La deuxième saison nous plonge dans le chaos auquel la première nous avait préparés. Dépourvu des sources d’espérance de «Game of Thrones», son spin-off s’épanouit dans les ténèbres.
publié le 14 juin 2024 à 19h50

On nous avait promis une danse, on a un massacre. La loi du talion, des infanticides, un corps d’enfant exhibé lors d’une parade morbide pour se mettre le peuple dans la poche à l’heure où la légitimité d’un régnant est menacée. La première saison de House of the Dragon nous contait les événements déroulés sur des années qui devaient mener une dynastie, les Targaryen, à se déchirer et mener leur royaume à la guerre.
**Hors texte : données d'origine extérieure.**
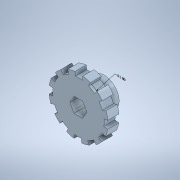
# Autodesk Inventor part: centerPartOfLock
Saved by Autodesk Inventor 2021.2 (Build 252289000, 289)
## iProperties
Created: 2020-11-07
Part Number: centerPartOfLock
Material: PC/ABS Plastic
Document SubType Name: Modeling
Designer: robst
Density: 0.357273 g/cm^3
Appearance: Steel Blue
Author: robst
Autodesk Inventor part; units mm, degrees
ref_plane "YZ Plane" through (0, 0, 0) normal (1, 0, 0) x (0, 1, 0)
ref_plane "XZ Plane" through (0, 0, 0) normal (0, 1, 0) x (-1, 0, 0)
ref_plane "XY Plane" through (0, 0, 0) normal (0, 0, 1) x (1, 0, 0)
sketch "Sketch1" plane through (0, 0, 0) normal (0, 0, 1) x (1, 0, 0)
  circle A0 centre (0, 0) radius 25.4
  dimension "d0" = 50.8
  constraints: 1 centre point, 1 coincident
  measures "d0" diameter of A0
extrude "Extrusion1" add sketch "Sketch1" along normal mid plane 9.525
sketch "Sketch3" plane through (0, 0, 4.7625) normal (0, 0, 1) x (1, 0, 0)
  circle A0 centre (0, 0) radius 25.4 projected
  line L0 (-2.8374, 21.892) -> (-2.8374, 21.8722)
  arc A1 (3.8096, 25.1127) -> (-2.8374, 25.241) centre (0, 0) ccw
  arc A2 (3.3133, 21.8251) -> (-2.466, 21.937) centre (0, 0) ccw
  line L1 (3.3133, 21.8251) -> (3.8096, 25.1127)
  line L2 (-2.466, 21.937) -> (-2.8374, 25.241)
  dimension "d17" = 3.3249
  dimension "d24" = 15
  constraints: 6 end point, 6 point on circle, 2 centre point, 2 coincident, 1 concentric, 1 vertical
  measures "d17" radial gap between concentric circles of A2 A0
  measures "d24" angle of L1 L2
extrude "Extrusion4" cut sketch "Sketch3" against normal blind 9.525 contours L1 A2 L2 A0 picked at (-1.9747, 24.1901)
pattern_circular "Circular Pattern2" count 12 over 360 about axis through (0, 0, -10) along (0, 0, 1) of "Extrusion4"
sketch "Sketch4" plane through (0, 0, -4.7625) normal (0, 0, -1) x (-1, 0, 0)
  circle A0 centre (0, 0) radius 12.7
  dimension "d27" = 25.4
  constraints: 1 centre point, 1 coincident
  measures "d27" diameter of A0
extrude "Extrusion5" add sketch "Sketch4" along normal blind 12.7
sketch "Sketch2" plane through (0, 0, 4.7625) normal (0, 0, 1) x (1, 0, 0)
  line L0 (7.3323, 0) -> (3.6662, -6.35)
  line L1 (3.6662, -6.35) -> (-3.6662, -6.35)
  line L2 (-3.6662, -6.35) -> (-7.3323, 0)
  line L3 (-7.3323, 0) -> (-3.6662, 6.35)
  line L4 (-3.6662, 6.35) -> (3.6662, 6.35)
  line L5 (3.6662, 6.35) -> (7.3323, 0)
  point P0 (0, 0)
  point P1 (0, 0)
  dimension "d23" = 12.7
  constraints: 12 end point, 1 horizontal, 13 other
  measures "d23" distance between parallel lines of L1 L4
extrude "Extrusion2" cut sketch "Sketch2" against normal through all
equation "\"d0\" = externalDiameter"
equation "\"d1\" = thickness"
equation "\"d17\" = heightOfSpline"
equation "\"d18\" = thickness"
equation "\"d23\" = shaftHexSize"
equation "\"externalDiameter\" = 50.8"
equation "\"thickness\" = 9.525"
equation "\"shaftHexSize\" = 12.7"
equation "\"pi\" = 3.141593"
equation "\"heightOfSpline\" = 3.324852"
body "Solid1"

La deuxième saison fait le récit de cette guerre, attendue de pied ferme par les connaisseurs et surnommée dans le canon du Trône de fer, tel qu’établi dans divers ouvrages par George R.R. Martin (qui codirige désormais l’adaptation aux côtés du showrunner Ryan Condal), la «Danse des dragons».

Une Iliade, entre palabres de cour, intimités et champs de bataille, hissant haut les accès de grand spectacle fantasmés (les dragons, bel et bien, vont danser pour nous). Mais dont on retient d’abord de quelle manière, et toujours à rebours d’une bienséance qui continue de tenir la fiction télévisuelle américaine dans un corset de dignité, elle noircit encore le trait dépravé de la première saison, assemblage enivrant des affaires de famille et des affaires de pouvoir, de la mort et du cul, hypertrophie licencieuse de tout ce que la série Game of Thrones avait amorcé. «Il n’y a pas d’absolution pour ce que j’ai commis», dit un personnage en écho à un autre qui, dans la première saison, annonçait qu’«à la fin, l’indécence prévaudra». A la différence de Game of Thrones qui maintenait toute une frange de personnages dans le camp de l’humanisme, la sauvagerie sans limite est ici justifiée par toutes les parties comme seule et unique condition du pouvoir. Belle image : deux jumeaux séparés par le hasard des jeux d’allégeance en viennent à se massacrer l’un l’autre. House of the Dragon est, dans la droite lignée d’Homère, une épopée de «mille maux» et une méditation opportune sur les jeux pervers des damnés de la politique à l’heure où les démocraties qui les ont investis du pouvoir sont tout près de s’effondrer. Danse macabre. Délice.

House of the Dragon saison 2. Sur Max.